1) Is there a fresh, new sound out there that represents the 2010 Latin music generation? It seems to me that, although still popular, reggaetón is not as powerful as it was before and actually has morphed into a whole new, electronica-driven genre that doesn’t sound at all to its rootsy original formula. What do you think will be the next hot Latin sound?
I really don’t see a concrete “next” sound. I think bachata has gained new life thanks to Aventura, and although no other bachata act comes even close to their success, there is renewed interest in the genre. What I do see is a growing Latin urban movement that is very different from the mainstream in that it is really a blend of pop (I guess a la Rihanna or Jay-Z), danceable, that blends a little of tradition—salsa, merengue, bachata—with reggaeton, R&B and other urban sounds. I hear it in acts like Aventura (again), Wisin y Yandel, Don Omar, Chino y Nacho now … that kind of thing is relatively new and beginning to work in and out of the U.S.
2) In your opinion, as a seasoned and respected Latin music industry insider, what’s the state of the Latin music industry internationally and where is it headed? (Considering the dramatic 360 degree shift in music-making that happened during the last decade as a result of the Internet and social networking sites such as Myspace and Facebook, to cite a few.)
Well, on the one hand you don’t have that “crossover” boom that seemed to put Latin music on the world map 10 years ago. What we see now is perhaps a more organic acceptance of Latin music. Of course, there are acts like Shakira, who by now I consider completely mainstream, and then there are acts like Juanes, who are intrinsically Latin but well known outside his core audience. But these big crossover acts, with this big machinery behind them, I don’t see that happening anymore. Overall, Latin music has suffered greatly in this crisis, in part because our digital market has yet to catch up to the mainstream and because piracy is so rampant in Latin America. But at the same time I think audiences in general are more open to new sounds.
3) With so many talented up-and-coming Latin artists from every genre all over the place, why does it seem like only a few actually stand out from the pack today? Or those who do are actually seasoned Latin music stars who are reinventing themselves and reaching out to younger generations? (Many of these seem more like cookie-cutter performers and entertainers and less than true artists with composing or singing talents.)
I think media in general is terrible for developing acts. And in Latin media, the discrepancy is so glaring because there’s less outlets. Big TV shows are very very reluctant to open up to new, or different acts. And this is really a big shame. I roll my eyes every time I see these shows and they feature the same five names. So, if it appears that only a few stand out, perhaps that’s’ because the media only highlights those few. But believe me, there are more. I think it’s rather ironically humorous to hear people talking about Aventura — again — as if they were some new group who, out of nowhere, filled five Coliseos and four Madison Square Gardens, when in fact, thev’e been together for over a decade. But it took this long for media to notice. Something strange happens in the Latin realm: Artists first have to prove themselves and THEN get media, rather than the other way round.

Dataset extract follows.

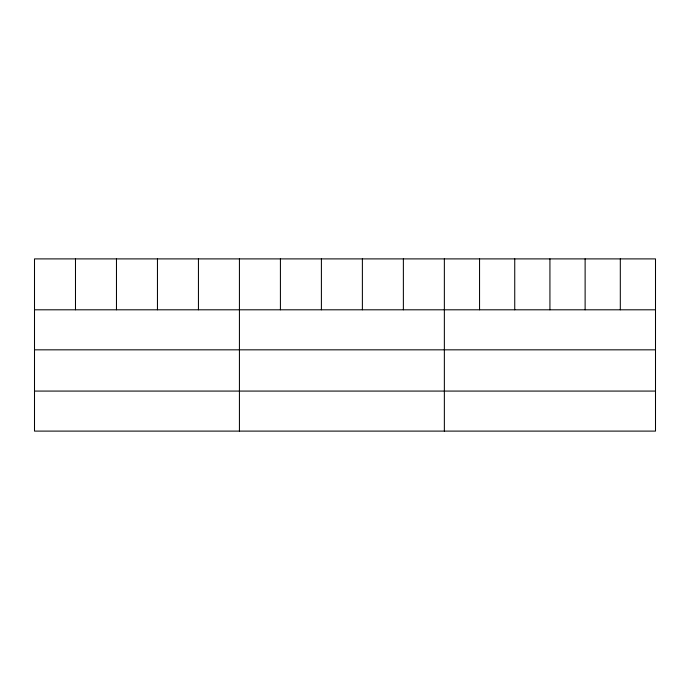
<?xml version="1.0" encoding="UTF-8"?>
<svg xmlns="http://www.w3.org/2000/svg" width="690" height="690" viewBox="0 0 690 690"><rect width="100%" height="100%" fill="white"/><g stroke="black" fill="none" stroke-linecap="round" stroke-linejoin="round"><path stroke-width="1.03" d="M655.5 349.83L655.5 258.897L34.5 258.897L34.5 431.103L655.5 431.103L655.5 349.83L34.5 349.83M34.5 309.801L655.5 309.801M34.5 391.075L655.5 391.075M620.31 258.897L620.31 309.801M585.12 258.897L585.12 309.801M549.93 258.897L549.93 309.801M514.74 258.897L514.74 309.801M479.55 258.897L479.55 309.801M444.36 258.897L444.36 431.103M403.374 258.897L403.374 309.801M362.388 258.897L362.388 309.801M321.402 258.897L321.402 309.801M280.416 258.897L280.416 309.801M239.43 258.897L239.43 431.103M198.444 258.897L198.444 309.801M157.458 258.897L157.458 309.801M116.472 258.897L116.472 309.801M75.486 258.897L75.486 309.801"/></g></svg>

4) Of these new breed of Latin music pop novelties (say, Kany García, Ana Isabelle, to cite only two), who do you think actually has a chance to reach international stardom?
I believe international stardom is next to impossible outside the Spanish speaking world if an artist sings in Spanish. If by “international stardom” you mean crossover success to the mainstream American market or Europe, that cannot happen at a large scale unless the artist sings in English. And quite frankly, I don’t think many of these artists are dying to sing in English either.
5) Calle 13 is in the process of crossing over into the U.S. Anglo market … do you think that in this day and age it’s still necessary to conquer U.S. audiences before crossing over the Atlantic to Europe and Asia? And why?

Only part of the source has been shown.